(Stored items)
■ ■ ■
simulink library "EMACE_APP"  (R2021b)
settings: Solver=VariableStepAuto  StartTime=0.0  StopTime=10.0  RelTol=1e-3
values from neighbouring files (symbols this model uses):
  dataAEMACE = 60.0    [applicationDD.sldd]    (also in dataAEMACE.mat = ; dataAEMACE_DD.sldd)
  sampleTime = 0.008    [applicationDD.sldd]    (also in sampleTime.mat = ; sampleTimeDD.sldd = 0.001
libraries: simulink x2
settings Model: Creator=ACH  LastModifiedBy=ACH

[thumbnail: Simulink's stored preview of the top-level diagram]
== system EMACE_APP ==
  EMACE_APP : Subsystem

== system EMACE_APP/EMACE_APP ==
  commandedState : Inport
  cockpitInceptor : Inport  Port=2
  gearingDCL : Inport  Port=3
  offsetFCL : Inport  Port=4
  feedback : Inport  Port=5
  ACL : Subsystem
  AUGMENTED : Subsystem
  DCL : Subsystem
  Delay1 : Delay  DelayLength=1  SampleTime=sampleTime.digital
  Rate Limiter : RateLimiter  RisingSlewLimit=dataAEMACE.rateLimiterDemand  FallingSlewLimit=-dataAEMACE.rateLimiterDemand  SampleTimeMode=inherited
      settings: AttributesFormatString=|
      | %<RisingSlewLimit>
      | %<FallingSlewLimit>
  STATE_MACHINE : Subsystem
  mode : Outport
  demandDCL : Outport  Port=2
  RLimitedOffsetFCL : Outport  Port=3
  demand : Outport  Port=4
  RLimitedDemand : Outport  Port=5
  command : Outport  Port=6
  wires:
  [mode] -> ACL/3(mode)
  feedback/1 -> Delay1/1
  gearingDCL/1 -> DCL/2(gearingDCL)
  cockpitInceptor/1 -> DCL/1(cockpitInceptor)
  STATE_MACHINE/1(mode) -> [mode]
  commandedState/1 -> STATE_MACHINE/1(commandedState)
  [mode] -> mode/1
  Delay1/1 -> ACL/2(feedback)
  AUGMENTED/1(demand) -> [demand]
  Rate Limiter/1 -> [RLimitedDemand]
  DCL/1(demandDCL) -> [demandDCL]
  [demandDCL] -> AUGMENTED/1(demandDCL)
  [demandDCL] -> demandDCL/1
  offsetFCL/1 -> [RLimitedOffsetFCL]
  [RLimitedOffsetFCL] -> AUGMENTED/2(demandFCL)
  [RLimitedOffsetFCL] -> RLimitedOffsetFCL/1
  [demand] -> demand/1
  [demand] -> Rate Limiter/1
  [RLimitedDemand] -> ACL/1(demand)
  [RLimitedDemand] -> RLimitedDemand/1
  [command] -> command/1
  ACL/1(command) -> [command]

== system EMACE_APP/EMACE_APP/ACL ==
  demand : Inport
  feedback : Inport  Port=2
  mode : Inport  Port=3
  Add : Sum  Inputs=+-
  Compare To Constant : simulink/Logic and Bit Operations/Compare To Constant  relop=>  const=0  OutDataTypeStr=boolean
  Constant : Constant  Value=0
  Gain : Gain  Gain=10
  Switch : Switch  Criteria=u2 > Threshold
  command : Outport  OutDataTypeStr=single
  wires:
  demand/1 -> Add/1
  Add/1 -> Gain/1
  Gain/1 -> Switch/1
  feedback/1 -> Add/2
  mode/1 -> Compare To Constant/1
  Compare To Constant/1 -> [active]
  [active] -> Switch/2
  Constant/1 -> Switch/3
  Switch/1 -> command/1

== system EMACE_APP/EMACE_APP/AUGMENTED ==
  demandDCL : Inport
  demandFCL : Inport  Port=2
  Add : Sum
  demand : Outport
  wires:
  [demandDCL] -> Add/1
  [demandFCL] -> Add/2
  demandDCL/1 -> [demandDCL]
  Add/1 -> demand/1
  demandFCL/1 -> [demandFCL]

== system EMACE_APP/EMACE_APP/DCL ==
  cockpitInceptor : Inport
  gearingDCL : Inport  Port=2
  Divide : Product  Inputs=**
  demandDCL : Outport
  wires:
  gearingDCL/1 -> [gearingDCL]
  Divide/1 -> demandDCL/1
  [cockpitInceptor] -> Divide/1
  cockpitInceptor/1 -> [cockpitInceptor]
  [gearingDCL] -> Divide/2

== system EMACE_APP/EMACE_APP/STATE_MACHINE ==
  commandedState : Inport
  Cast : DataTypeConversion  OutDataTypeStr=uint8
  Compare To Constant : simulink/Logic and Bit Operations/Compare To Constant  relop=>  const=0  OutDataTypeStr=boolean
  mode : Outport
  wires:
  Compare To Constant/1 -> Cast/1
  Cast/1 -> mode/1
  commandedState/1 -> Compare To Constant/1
■ ■ ■
--- Exercise details ---
Please give the number of lines above that hold the word "Compare", and only that number.

--- Response to this task ---
6